Author Topic: Parallelization issues with OrbitalMoment() in QuantumATK  (Read 1538 times)

0 Members and 1 Guest are viewing this topic.

Offline corsicATK

  • New QuantumATK user
  • *
  • Posts: 2
  • Country: fr
  • Reputation: 0
    • View Profile
Hello everyone,

I need to calculate atom-resolved orbital moments using OrbitalMoment() in QuantumATK and obtain the values per atom and per k-point. My first question is: is it possible to directly get this information from the output?

If not, my fallback solution is to compute the function for a single k-point at a time and loop over all k-points. This works fine sequentially.

However, when I try to parallelize my code with mpi4py by distributing k-points over several ranks, I run into problems:

Deadlocks can occur during the computation.

At the end of the loop, all ranks return the same orbital moment values, even though each rank is supposed to work on a different k-point.

It seems that OrbitalMoment() does not execute independently on each rank and requires some form of internal synchronization or communication.

I would appreciate any guidance on:

Whether it is possible to obtain atom-resolved orbital moments for each k-point directly.

If independent parallel computation per k-point is possible, and how to do it safely with QuantumATK.

Thanks a lot for your help!

Offline filipr

  • QuantumATK Staff
  • QuantumATK Guru
  • *****
  • Posts: 102
  • Country: dk
  • Reputation: 10
  • QuantumATK developer
    • View Profile
Re: Parallelization issues with OrbitalMoment() in QuantumATK
« Reply #1 on: October 30, 2025, 16:03 »
Most QuantumATK operations do collective calls and cannot be manually mpi parallelized by e.g. just splitting a list of k-points among mpi processes. What you can do instead is that you can first do the DFT ground state in a separate calculation and store the configuration to an HDF5 file.

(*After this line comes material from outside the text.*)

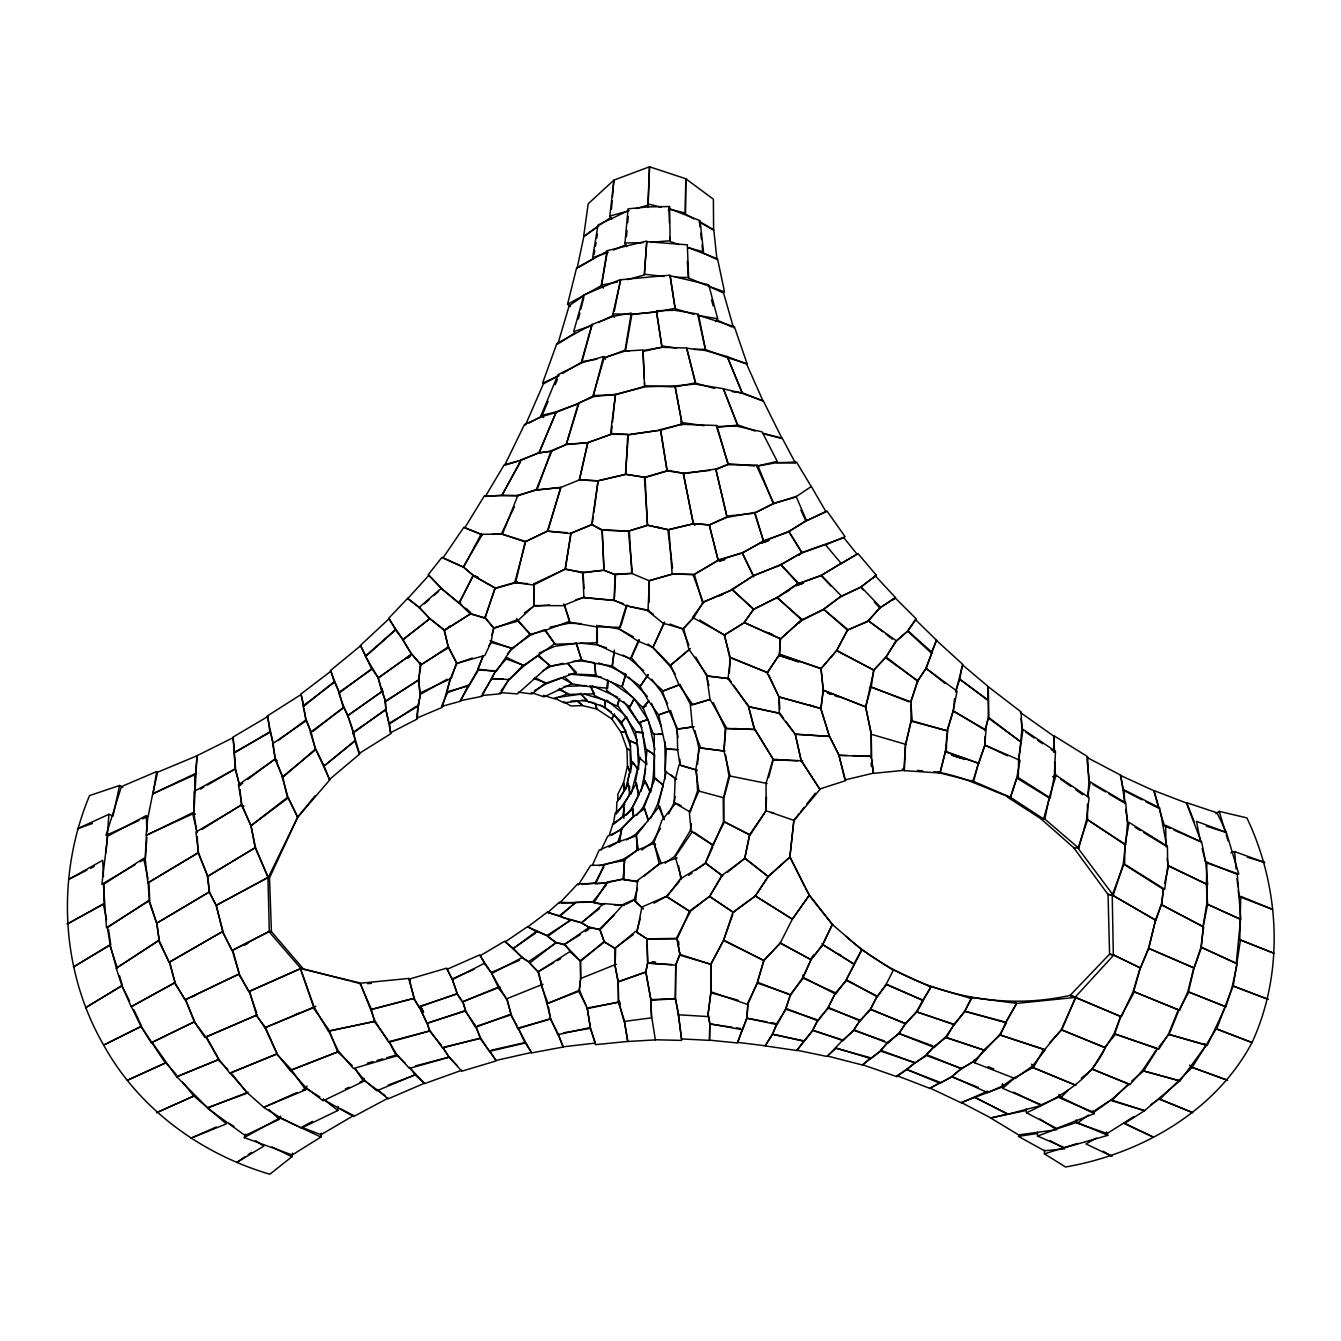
<?xml version="1.0" encoding="UTF-8"?>
<svg xmlns="http://www.w3.org/2000/svg" width="1341" height="1341" viewBox="0 0 1341 1341"><rect width="100%" height="100%" fill="white"/><g stroke="black" fill="none" stroke-linecap="round" stroke-linejoin="round"><path stroke-width="1.5" d="M871.231 734.348L871.633 756.508L839.131 755.402L829.492 736.427L820.742 708.584L823.273 690.28L865.766 706.925L823.391 690.229L820.994 668.623L836.466 650.771L873.946 670.014L865.716 706.942L871.231 734.348L871.248 756.223L873.326 773.154L844.981 779.959L838.896 755.234L846.959 755.469M580.552 978.561L580.586 961.346L603.919 941.566L615.62 948.959L615.167 964.682L580.552 978.561L579.413 989.826L587.123 1008.633L618.469 1002.129L618.285 981.243L614.731 964.866L616.173 964.28L615.167 964.682M596.762 625.258L596.661 644.233L613.105 652.195L630.555 658.599L638.769 639.774M1053.892 752.335L1053.959 735.773L1087.585 756.642L1088.842 782.893L1087.853 796.336M649.027 602.427L649.161 580.754L631.779 573.462L629.315 530.885L647.737 525.286L667.885 529.695L672.495 567.913M605.311 700.706L605.244 707.746L621.771 722.179L626.515 716.614L637.411 740.869M675.763 964.917L675.478 997.57L678.228 1014.768L707.797 1016.562L710.998 991.468L710.881 964.229L679.569 955.127L675.763 964.917L675.294 998.525L650.771 999.648L645.926 971.521L647.586 963.173L671.774 964.598M623.883 818.261L624.034 803.98L636.74 782.809M1018.557 761.034L1018.355 777.612L1050.221 797.929L1054.311 776.121L1055.484 751.312L1022.999 729.353L1018.557 761.034L1020.752 741.808L988.267 718.005L984.864 730.627M1215.885 813.685L1219.22 811.339L1246.895 817.909C1279.917 887.222 1284.494 972.175 1252.025 1042.544C1215.432 1111.588 1140.789 1153.88 1065.559 1166.988L1044.438 1153.847L1044.488 1150.192M196.926 832.56L193.925 813.501L196.993 755.721L233.284 737.6L235.228 768.963L207.352 785.105M654.224 734.047L654.442 777.981L662.588 784.401M946.729 733.242L946.36 751.664L978.846 763.347L984.663 745.378L986.021 729.973L953.233 711.032L947.366 729.37M617.748 800.979L617.916 793.989L623.565 782.876L627.454 766.08L627.001 748.831L621 732.27L611.814 718.927L596.846 709.071L582.547 705.584L570.897 705.986L563.589 701.578M767.069 783.496L729.789 775.97L723.956 797.744L723.855 821.748L750.155 834.923L766.063 810.769L766.465 797.124M245.638 1134.1L244.246 1137.604L292.204 1154.97L320.918 1137.034L321.069 1133.162M616.407 814.071L616.86 802.119L628.594 784.083M905.963 742.361L911.159 721.223L947.752 730.862L945.321 751.765L978.628 763.364L972.828 781.25L939.991 773.003L904.354 770.656L905.493 744.272L871.432 734.332L865.649 706.975L871.097 687.078L911.243 701.98L910.975 721.29L905.846 744.272M648.072 207.52L649.53 166.77L685.804 178.772L713.378 199.189L713.613 230.099L699.13 221.969M629.6 786.094L629.18 795.414L617.48 812.629M729.37 672.847L730.292 657.392L724.207 635.047L699.767 620.028M447.14 679.233L420.471 694.303L418.174 705.048L417.286 718.977L390.298 732.84L389.678 723.922L416.498 706.154M853.01 755.637L871.181 756.173L873.511 773.355L903.901 770.321L905.561 744.272M747.943 1002.884L746.954 1017.702L742.411 1029.737L709.808 1023.736L708.115 1013.578L710.881 992.793L738.187 1000.235M112.258 815.781L108.939 814.255L106.006 852.591M145.398 858.659L146.873 837.555M697.622 764.085L698.795 747.876L694.956 730.577M664.7 779.473L666.309 748.965L677.49 749.686M195.501 774.428L197.06 755.771L157.601 772.215L152.84 793.822L193.64 775.266M611.462 209.095L612.167 200.815M612.519 196.674L613.91 180.13L649.53 166.77L647.904 205.173L636.489 208.526M626.465 236.686L627.001 230.635M627.705 222.589L628.225 216.538M626.582 246.694L624.99 242.956L628.057 208.861L648.038 206.883L669.578 206.531L670.131 240.709L650.821 242.352M1163.2 889.401L1161.826 904.773L1202.961 926.782L1206.699 904.354L1207.286 884.658L1168.715 865.699L1164.575 883.484M296.914 1092.563L263.674 1107.431L280.051 1117.539L301.457 1128.049L337.865 1110.499L338.25 1106.426M954.524 698.678L953.367 710.965L985.434 730.292L988.233 718.022L988.25 700.086L959.821 679.267L962 666.527M147.912 816.216L146.102 835.208L193.758 813.417L194.11 791.425L235.128 768.896L239.754 785.709M608.227 682.318L607.657 688.201L589.738 686.709L572.121 683.927L563.89 676.384M352.23 1065.575L337.697 1051.897L290.259 1070.336L306.318 1087.953L323.114 1100.793L363.662 1081.315L363.981 1078.13M707.797 1016.562L708.132 1013.394M612.066 426.254L611.211 434.216L587.777 442.714L566.371 444.24L551.805 451.096L539.216 452.906L555.995 412.425L578.926 403.49L566.338 444.206L578.39 403.071L593.929 396.584L615.485 394.355L644.904 386.862L674.959 385.822L682.016 423.957L660.811 430.193L627.974 434.585L610.591 433.428L615.469 394.338L612.485 422.264M822.05 943.561L822.988 944.835L811.054 959.687L780.311 943.192L763.917 960.307L757.464 982.215L790.654 995.156L803.125 976.986L811.037 959.569L822.72 944.45L832.543 924.368L809.327 895.084L789.866 857.067L768.175 876.545L745.06 858.274L721.642 875.623L709.674 896.442L733.343 912.4L755.301 896.006L768.175 876.545L789.866 857.117L793.872 820.374L799.219 813.518M420.739 664.767L411.804 654.207L402.535 639.707L429.941 618.737L444.407 630.035L448.43 647.737L420.739 664.767L420.303 662.772L418.878 680.055L385.454 701.092L385.906 709.741L353.186 732.337L352.901 731.499L353.605 735.036M789.866 857.117L793.872 820.374L766.164 810.785L766.029 783.462L772.919 759.643L777.83 759.459M611.915 219.086L609.837 216.018L613.91 180.13L588.213 203.748L583.637 236.485L598.639 225.757M418.174 705.048L416.598 718.189L442.212 707.378L450.693 677.222M607.775 679.853L606.484 690.229L618.369 699.214L630.052 706.875L634.477 698.443M614.362 650.083L612.267 665.957L624.923 675.328L640.344 686.223L648.256 674.506L640.093 686.408L648.323 700.639L658.615 714.904L666.024 748.982L677.875 749.669M592.454 522.604L593.258 516.637M593.812 512.664L598.136 480.849L579.429 479.877L560.722 487.47L547.832 531.237L570.344 533.55L592.186 524.599M614.128 652.028L612.234 666.041L594.197 663.208L581.441 659.873L576.295 642.657M871.097 687.078L869.354 688.034L871.231 687.011L873.678 670.215L885.261 657.828L896.526 640.864L868.314 620.883L847.244 630.236L836.935 650.419L873.695 670.198L885.462 657.693L918.015 680.977L910.455 702.416M619.643 842.349L621.621 828.939L632.566 817.172L644.77 808.522L648.156 820.91M122.852 787.519L119.584 785.474L89.545 795.599C56.238 875.271 60.228 969.945 103.659 1045.092C138.81 1108.756 200.681 1153.763 269.809 1174.23L291.919 1156.747L292.506 1153.076M594.097 254.572L594.75 250.482M595.421 246.392L596.091 242.302M596.762 238.195L597.432 234.105M603.45 288.114L601.338 285.164L607.104 250.717L646.731 241.062L644.418 275.006L627.169 279.632M152.941 793.889L156.713 771.544L121.394 786.614L106.006 835.426L139.011 820.491M571.165 533.014L565.064 569.137L533.584 585.011L515.631 582.597L525.102 541.848L547.363 531.103L560.89 487.521L536.752 489.884L517.961 495.181L502.389 534.238L481.067 534.271L463.6 567.209L473.39 575.691L458.823 603.165L442.01 588.867L428.165 574.769L441.927 557.387L463.718 567.26L473.893 575.708L495.064 588.246L517.308 581.743L515.631 582.597M645.675 768.46L641.082 791.19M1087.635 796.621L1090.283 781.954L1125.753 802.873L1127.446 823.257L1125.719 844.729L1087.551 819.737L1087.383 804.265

Then you can make a separate post-processing script that calculate OrbitalMoment() for a single k-point in a loop over a subset of all the k-points you are interested in, where the subset is determined from an input argument or environment variable (e.g. job array index). Here's an unfinished example to give you the idea:
Code
import sys
my_process_index = int(sys.argv[1])
total_num_procs = ??

all_kpoints = numpy.array([[...], [...], ..., [...]])

my_kpoints = # logic to get local sequence of k-points here

configuration = nlread("dft_ground_state_calc.hdf5", BulkConfiguration)[-1]

orbital_moments = []
for kpoint in my_kpoints:
    orb_moment_analysis = OrbitalMoment(configuration, kpoints=MonkhorstPackGrid(1, 1, 1, k_point_shift=kpoint))
    orbital_moments.append(orb_moment_analysis.atomResolvedOrbitalMoment())

# Save 'orbital_moments' to file somehow, e.g. pickle
Then you can run this script either in a bash loop in a single script or submit it as multiple jobs or as a job array. Then you can collect the result files from each job and gather into a single array.

Offline corsicATK

  • New QuantumATK user
  • *
  • Posts: 2
  • Country: fr
  • Reputation: 0
    • View Profile
Re: Parallelization issues with OrbitalMoment() in QuantumATK
« Reply #2 on: November 4, 2025, 23:02 »
Thank you very much for your reply! That really confirms what I was thinking.
I actually did something similar (running several independent jobs), and it works. Thanks for your help.